Andrei Alexandrescu SeeWebsiteForEmail at erdani.org
Thu Feb 23 12:11:39 PST 2012

On 2/17/12 7:44 PM, bearophile wrote:
> A tiny little file lines reading benchmark I've just found on Reddit:
> http://www.reddit.com/r/programming/comments/pub98/a_benchmark_for_reading_flat_files_into_memory/
> http://steve.80cols.com/reading_flat_files_into_memory_benchmark.html
> The Ruby code that generates slowly the test data:
> https://raw.github.com/lorca/flat_file_benchmark/master/gen_data.rb
> But for my timings I have used only about a 40% of that file, the first 1_965_800 lines, because I have less memory.
> My Python-Psyco version runs in 2.46 seconds, the D version in 4.65 seconds (the D version runs in 13.20 seconds if I don't disable the GC).
>  From many other benchmarks I've seen that file reading line-by-line is slow in D.
> -------------------------
> My D code:

The thread in D.announce prompted me to go back to this, and I've run a 
simple test that isolates file reads from everything else.
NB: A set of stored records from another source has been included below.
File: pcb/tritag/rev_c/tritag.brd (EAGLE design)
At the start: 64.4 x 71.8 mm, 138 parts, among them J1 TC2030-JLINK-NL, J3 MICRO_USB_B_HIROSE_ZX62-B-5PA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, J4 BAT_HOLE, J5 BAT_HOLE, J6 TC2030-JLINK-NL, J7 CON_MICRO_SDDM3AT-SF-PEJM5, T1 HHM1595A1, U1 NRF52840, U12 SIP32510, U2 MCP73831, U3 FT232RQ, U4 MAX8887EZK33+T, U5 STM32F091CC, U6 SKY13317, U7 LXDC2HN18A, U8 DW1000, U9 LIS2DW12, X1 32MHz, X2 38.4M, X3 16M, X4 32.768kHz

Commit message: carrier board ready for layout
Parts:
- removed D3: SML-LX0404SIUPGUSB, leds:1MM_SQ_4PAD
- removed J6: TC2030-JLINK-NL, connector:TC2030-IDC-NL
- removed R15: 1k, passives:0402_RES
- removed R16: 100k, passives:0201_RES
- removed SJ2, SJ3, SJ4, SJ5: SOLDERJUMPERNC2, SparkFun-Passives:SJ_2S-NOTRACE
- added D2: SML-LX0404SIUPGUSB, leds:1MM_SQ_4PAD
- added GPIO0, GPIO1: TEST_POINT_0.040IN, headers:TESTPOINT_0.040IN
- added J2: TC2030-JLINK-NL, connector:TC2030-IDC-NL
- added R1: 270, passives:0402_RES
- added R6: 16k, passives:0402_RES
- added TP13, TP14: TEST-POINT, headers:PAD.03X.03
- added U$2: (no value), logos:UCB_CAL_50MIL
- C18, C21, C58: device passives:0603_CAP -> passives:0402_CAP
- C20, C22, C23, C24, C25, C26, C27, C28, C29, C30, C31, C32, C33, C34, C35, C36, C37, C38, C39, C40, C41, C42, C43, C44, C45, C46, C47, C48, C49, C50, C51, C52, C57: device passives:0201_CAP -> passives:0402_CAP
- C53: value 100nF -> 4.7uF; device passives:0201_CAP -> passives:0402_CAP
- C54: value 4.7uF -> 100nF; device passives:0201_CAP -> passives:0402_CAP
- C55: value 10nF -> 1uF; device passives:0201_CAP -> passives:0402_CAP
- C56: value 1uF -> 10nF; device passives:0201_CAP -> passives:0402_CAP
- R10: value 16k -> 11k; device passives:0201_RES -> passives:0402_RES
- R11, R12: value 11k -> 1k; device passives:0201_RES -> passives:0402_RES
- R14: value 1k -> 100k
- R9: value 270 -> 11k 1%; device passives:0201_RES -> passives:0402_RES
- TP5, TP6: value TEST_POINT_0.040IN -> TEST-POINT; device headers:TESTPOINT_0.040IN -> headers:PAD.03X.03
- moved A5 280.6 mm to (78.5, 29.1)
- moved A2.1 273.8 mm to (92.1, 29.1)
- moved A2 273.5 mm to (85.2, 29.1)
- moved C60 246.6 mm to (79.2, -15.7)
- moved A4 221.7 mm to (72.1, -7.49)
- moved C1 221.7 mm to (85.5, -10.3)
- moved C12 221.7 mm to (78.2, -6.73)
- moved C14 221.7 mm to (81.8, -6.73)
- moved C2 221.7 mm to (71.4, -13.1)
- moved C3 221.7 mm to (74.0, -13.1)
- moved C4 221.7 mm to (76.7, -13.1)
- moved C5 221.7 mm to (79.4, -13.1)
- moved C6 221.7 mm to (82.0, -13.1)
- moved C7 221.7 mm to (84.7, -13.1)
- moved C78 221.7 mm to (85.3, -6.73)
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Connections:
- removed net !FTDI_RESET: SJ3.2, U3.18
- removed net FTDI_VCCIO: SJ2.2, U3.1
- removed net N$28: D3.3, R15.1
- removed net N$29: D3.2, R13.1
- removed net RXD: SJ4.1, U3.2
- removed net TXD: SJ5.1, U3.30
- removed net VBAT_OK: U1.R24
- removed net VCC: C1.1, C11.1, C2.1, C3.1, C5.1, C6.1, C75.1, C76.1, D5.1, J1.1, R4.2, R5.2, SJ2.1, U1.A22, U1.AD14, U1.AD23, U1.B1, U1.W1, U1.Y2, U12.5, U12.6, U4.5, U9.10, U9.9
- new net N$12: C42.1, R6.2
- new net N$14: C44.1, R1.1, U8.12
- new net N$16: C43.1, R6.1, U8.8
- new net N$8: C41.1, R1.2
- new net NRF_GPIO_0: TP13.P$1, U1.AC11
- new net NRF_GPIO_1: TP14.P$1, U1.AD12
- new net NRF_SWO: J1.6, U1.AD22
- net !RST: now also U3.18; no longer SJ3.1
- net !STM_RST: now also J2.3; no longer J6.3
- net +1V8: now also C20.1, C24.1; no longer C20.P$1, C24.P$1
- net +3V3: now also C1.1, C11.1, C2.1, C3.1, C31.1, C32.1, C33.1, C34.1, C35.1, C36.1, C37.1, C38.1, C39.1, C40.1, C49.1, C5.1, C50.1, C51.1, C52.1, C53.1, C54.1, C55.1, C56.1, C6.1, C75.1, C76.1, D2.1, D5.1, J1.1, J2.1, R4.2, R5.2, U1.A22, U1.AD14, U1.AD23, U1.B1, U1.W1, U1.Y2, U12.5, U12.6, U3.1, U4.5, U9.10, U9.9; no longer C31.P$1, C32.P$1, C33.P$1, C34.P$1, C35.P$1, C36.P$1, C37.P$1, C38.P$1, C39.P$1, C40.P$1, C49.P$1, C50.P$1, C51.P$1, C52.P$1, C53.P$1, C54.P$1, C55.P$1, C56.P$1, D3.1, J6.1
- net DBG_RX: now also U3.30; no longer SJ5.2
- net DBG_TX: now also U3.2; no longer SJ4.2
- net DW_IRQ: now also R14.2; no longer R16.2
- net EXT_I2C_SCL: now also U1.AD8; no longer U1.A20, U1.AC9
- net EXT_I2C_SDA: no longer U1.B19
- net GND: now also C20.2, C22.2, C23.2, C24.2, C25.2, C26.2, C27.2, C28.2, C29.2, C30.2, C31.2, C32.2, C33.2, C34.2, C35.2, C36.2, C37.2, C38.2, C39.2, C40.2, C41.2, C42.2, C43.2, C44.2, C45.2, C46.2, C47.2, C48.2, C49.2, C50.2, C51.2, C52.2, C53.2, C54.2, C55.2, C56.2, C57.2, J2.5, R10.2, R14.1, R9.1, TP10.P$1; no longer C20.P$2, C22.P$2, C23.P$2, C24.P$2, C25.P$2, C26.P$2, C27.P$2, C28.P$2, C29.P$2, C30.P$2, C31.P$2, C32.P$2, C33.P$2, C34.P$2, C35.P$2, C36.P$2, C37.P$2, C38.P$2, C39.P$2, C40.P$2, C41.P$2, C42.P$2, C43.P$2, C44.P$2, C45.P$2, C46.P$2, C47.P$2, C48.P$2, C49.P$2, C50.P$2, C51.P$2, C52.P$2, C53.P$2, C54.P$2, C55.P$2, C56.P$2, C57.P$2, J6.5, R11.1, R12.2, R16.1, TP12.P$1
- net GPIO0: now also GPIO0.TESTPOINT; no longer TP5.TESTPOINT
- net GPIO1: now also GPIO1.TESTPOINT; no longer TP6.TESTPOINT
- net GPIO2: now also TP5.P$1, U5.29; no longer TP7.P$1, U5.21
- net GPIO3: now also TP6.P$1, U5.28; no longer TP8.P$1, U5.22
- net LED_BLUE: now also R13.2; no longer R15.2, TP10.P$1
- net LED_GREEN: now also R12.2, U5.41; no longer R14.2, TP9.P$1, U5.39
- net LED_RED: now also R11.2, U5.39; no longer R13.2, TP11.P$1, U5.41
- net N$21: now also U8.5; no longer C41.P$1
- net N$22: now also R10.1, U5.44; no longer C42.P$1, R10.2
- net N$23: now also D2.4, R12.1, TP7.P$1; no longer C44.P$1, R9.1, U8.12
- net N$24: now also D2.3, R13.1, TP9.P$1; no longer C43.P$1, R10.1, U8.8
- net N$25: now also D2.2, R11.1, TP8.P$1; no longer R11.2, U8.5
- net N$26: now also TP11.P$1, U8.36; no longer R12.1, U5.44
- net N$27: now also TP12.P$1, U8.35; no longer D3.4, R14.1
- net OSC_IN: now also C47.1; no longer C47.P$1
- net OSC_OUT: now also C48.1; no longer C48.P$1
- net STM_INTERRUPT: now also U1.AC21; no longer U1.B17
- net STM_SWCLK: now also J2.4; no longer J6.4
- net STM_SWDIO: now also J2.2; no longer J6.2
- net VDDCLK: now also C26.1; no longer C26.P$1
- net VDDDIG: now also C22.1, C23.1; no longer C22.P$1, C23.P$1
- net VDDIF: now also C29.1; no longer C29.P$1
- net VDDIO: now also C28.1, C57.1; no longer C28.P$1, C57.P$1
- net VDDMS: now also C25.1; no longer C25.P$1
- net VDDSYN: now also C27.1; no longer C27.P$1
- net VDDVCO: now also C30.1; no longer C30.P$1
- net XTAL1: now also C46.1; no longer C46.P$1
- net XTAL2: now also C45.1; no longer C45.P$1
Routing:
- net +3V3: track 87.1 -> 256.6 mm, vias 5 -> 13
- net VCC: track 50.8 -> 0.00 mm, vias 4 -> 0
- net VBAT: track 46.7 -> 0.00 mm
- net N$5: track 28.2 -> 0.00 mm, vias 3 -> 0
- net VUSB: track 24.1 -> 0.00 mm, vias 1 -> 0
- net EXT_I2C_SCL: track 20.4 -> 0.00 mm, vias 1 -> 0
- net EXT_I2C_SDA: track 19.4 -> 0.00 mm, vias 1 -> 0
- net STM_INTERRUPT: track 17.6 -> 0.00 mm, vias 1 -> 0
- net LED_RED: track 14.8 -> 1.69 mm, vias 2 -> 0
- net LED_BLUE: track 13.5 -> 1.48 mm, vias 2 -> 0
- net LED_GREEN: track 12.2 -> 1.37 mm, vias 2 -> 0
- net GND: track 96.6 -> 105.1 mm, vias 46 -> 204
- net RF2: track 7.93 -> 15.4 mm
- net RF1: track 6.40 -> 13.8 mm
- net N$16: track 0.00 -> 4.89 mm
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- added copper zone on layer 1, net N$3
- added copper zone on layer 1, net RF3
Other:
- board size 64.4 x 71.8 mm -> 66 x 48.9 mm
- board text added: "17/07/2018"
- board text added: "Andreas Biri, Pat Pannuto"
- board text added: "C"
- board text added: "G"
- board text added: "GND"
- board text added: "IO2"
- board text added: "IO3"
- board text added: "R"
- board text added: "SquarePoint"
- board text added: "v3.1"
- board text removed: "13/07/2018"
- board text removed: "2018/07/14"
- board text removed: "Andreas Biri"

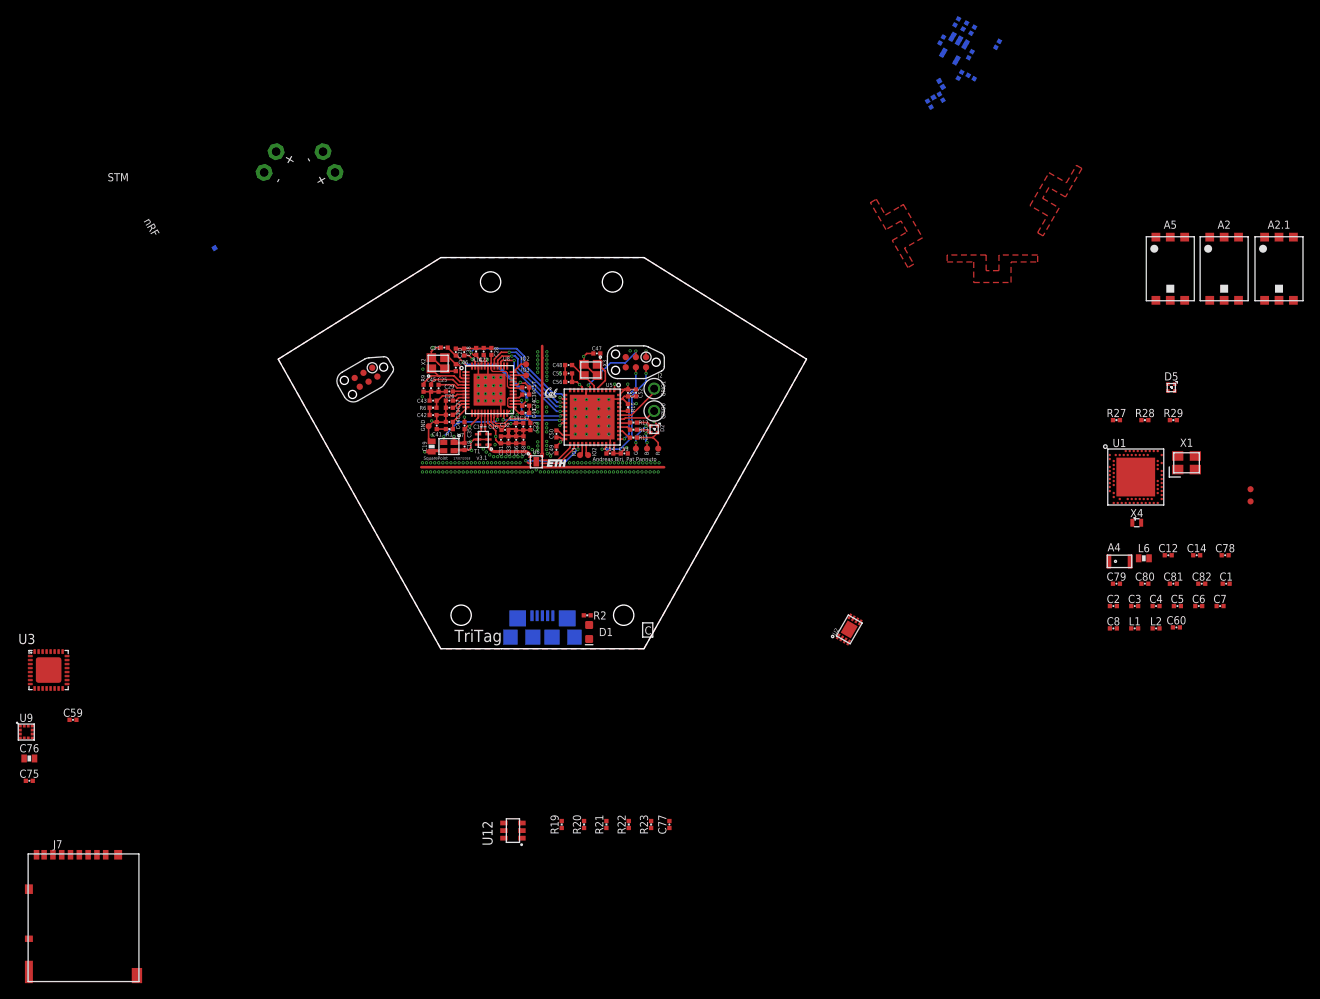
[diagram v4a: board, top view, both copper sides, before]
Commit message: Carrier ready for routing
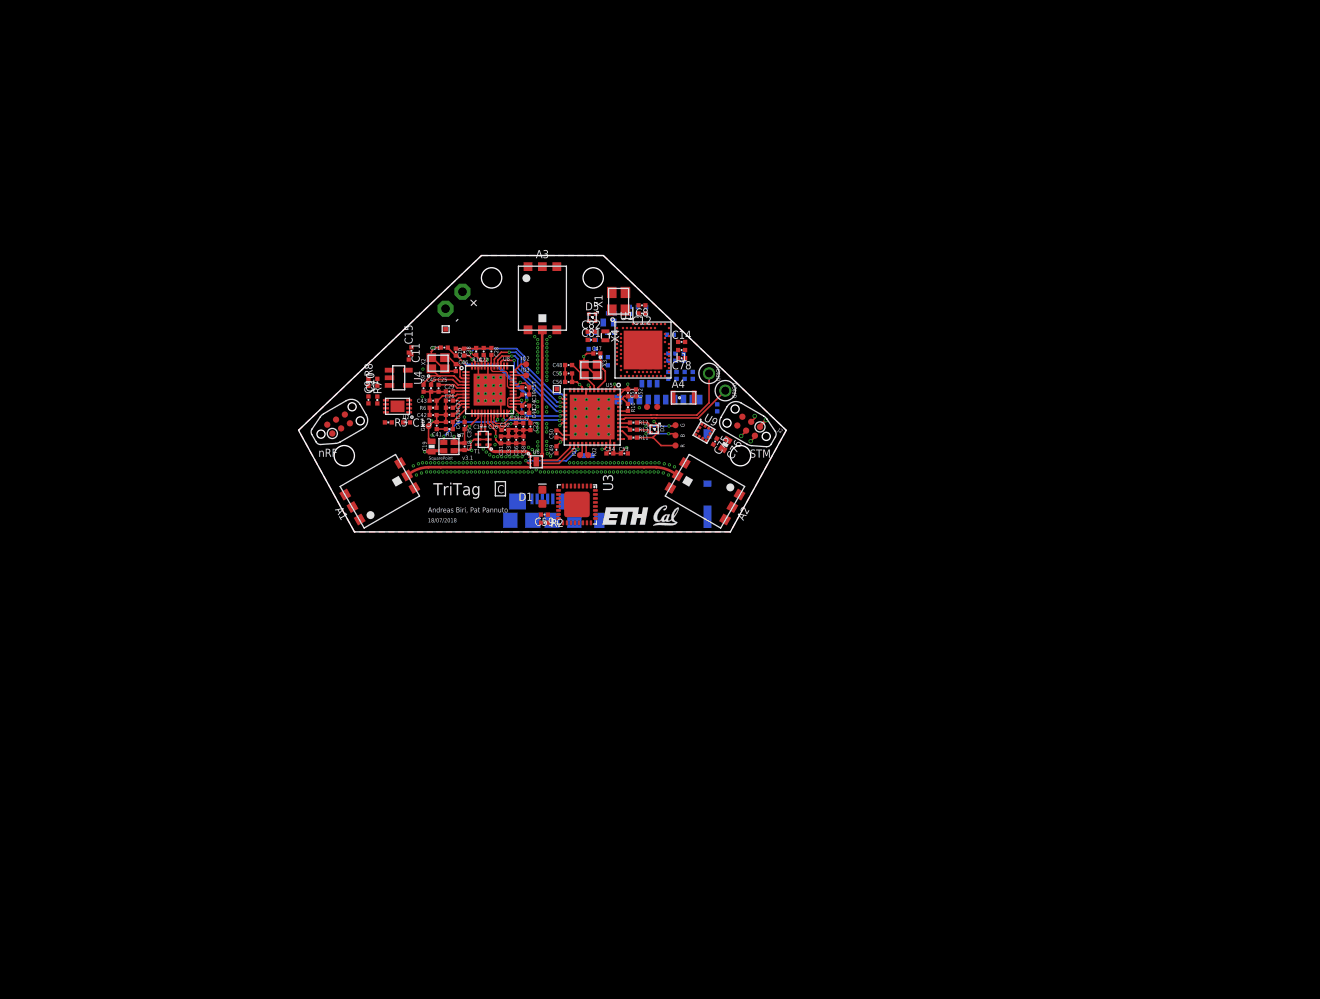
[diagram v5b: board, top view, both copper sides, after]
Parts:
- removed A2.1, A5: TAIYO-YUDEN-AH086M, chips:TAIYO-YUDEN-AH086M
- removed J4: BAT_HOLE, connector:BATTERY_HOLE
- removed R4, R5: DNP, passives:0402_RES
- removed U$1: (no value), logos:ETH_100MIL
- removed U$2: (no value), logos:UCB_CAL_50MIL
- added A1, A3: TAIYO-YUDEN-AH086M, chips:TAIYO-YUDEN-AH086M
- added U$3: (no value), logos:ETH_200MIL
- added U$4: (no value), logos:UCB_CAL_100MIL
- moved C75 95.6 mm to (21.6, 7.49), turned to 240 degrees
- moved C76 95.4 mm to (22.9, 7.11), turned to 240 degrees
- moved U9 92.6 mm to (20.2, 8.64), turned to 330 degrees
- moved J7 91.8 mm to (14.2, 12.8), flipped to the bottom
- moved C10 88.3 mm to (-20.6, 14.9), flipped to the top, turned to 90 degrees
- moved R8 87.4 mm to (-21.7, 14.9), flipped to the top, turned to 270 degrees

After 
generating the CSV data as described above, I ran this Python code:

import sys

rows = []
f = open(sys.argv[1])
for line in f:
     if len(line) > 10000: rows.append(line[:-1].split("\t"))

and this D code:

import std.stdio, std.string, std.array;

void main(in string[] args) {
     Appender!(string[][]) rows;
     auto f = File(args[1]);
     foreach (line; f.byLine()) {
         if (line.length > 10000) rows.put(line.idup.split("\t"));

Both programs end up appending nothing because 10000 is larger than any 
line length.

On my machine (Mac OSX Lion), the Python code clocks around 1.2 seconds 
and the D code at a whopping 9.3 seconds. I looked around where the 
problem lies and sure enough the issue was with a slow loop in the 
generic I/O implementation of readln. The commit 
brings the speed of the test to 2.1 seconds. We could and should reduce 
that further with taking buffering in our own hands, but for now this is 
a good low-hanging fruit to pick.